If your core competencies are around effectively employing, training, leading and deploying people and capital equipment to execute project works or maintenance programmes against agreed rates/prices/times, how does the competence to excel at writing tenders align to those core competencies?
I saw a court decision recently in which one party’s claim relied on their interpretation of wording in a document they had drafted. Because of a missing comma (called an ‘Oxford comma’, in case you’re interested), they lost their case. Makes one wonder if punctuation should be taught in schools after all. More seriously, this is another example underscoring the importance of using specialists in the right places.
Over two years ago now in introducing myself to the team here at Plan A I wrote: “It’s pretty simple: ‘if you don’t get to the table, you don’t get to negotiate…'”

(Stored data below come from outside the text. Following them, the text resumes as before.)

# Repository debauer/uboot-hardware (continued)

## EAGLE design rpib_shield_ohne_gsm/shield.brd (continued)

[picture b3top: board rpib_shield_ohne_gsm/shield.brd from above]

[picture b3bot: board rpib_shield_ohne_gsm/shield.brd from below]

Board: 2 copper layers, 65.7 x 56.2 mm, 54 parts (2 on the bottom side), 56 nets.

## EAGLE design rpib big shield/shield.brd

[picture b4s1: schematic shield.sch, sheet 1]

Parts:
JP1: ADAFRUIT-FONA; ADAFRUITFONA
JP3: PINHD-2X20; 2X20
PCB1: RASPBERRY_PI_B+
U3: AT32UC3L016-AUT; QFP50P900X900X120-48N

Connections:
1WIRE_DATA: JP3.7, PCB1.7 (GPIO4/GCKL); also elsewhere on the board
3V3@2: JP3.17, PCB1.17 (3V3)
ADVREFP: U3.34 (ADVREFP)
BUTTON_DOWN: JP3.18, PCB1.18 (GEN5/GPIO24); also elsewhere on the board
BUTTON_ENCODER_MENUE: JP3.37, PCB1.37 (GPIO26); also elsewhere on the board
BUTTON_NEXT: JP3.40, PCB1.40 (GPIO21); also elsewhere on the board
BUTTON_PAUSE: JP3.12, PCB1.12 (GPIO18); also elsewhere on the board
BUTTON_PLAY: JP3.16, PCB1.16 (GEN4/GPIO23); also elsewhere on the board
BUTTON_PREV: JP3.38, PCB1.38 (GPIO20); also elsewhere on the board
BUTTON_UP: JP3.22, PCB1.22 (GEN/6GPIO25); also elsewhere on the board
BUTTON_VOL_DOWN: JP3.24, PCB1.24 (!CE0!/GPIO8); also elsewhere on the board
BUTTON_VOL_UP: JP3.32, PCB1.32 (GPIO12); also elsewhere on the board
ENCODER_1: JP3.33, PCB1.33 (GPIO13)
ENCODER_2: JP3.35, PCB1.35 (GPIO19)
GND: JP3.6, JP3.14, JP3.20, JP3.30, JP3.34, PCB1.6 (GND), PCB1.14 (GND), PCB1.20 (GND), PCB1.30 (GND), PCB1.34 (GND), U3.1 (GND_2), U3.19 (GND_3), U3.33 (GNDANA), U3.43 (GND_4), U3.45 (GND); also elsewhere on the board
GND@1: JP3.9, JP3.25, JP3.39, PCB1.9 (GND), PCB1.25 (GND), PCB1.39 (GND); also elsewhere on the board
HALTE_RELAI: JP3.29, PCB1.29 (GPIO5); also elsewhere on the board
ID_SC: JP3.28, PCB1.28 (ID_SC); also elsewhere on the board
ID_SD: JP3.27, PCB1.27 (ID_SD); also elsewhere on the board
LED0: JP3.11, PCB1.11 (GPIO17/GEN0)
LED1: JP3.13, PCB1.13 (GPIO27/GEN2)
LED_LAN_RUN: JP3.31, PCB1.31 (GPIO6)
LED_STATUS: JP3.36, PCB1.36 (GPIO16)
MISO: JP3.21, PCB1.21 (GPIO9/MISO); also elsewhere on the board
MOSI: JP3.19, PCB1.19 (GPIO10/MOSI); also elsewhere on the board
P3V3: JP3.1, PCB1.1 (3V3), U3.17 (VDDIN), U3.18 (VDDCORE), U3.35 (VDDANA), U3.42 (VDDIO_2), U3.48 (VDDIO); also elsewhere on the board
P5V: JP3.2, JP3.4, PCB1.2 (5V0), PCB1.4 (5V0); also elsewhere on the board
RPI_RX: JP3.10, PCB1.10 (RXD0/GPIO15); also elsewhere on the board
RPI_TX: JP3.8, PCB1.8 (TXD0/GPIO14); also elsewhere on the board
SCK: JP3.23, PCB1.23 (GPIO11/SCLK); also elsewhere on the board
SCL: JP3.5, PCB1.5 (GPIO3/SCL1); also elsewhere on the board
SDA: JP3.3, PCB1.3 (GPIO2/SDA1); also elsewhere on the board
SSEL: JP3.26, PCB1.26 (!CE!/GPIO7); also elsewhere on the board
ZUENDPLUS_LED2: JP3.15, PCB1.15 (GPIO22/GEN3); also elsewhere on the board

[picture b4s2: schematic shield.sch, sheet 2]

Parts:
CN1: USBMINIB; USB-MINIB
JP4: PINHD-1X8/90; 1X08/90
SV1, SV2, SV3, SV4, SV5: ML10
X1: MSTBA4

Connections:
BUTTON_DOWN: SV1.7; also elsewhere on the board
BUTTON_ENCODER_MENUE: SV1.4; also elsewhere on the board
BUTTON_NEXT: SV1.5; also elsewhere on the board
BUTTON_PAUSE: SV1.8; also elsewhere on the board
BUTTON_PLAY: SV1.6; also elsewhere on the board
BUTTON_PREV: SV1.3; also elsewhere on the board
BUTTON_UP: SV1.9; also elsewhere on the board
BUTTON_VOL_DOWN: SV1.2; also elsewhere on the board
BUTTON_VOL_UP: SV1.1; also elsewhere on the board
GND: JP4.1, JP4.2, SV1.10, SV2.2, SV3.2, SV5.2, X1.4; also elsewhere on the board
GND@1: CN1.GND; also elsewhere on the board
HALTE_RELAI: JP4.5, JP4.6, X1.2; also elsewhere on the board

And, if you don’t have a winning tender – you don’t get to the table. You don’t have to be a fan of outsourcing to understand Peter Drucker’s advice to General Electric CEO Jack Welch; “make sure your back office is their front office” to see how well the advice applies to winning tenders.
Of course, having commercial and estimating teams in-house is critical – they hold your core IP. But, sometimes an outsider’s perspective with an insider’s resources makes the difference between winning and losing, where the outsider’s expertise combines with the knowledge of people inside the business to ensure the best outcome. Between benefiting from ‘team-think’ and suffering from ‘group-think’.
For smaller businesses total outsourcing of such specialist activities becomes a no-brainer. Larger businesses may benefit from more of a mix and match solution to ensure the team is always ‘changing it up’.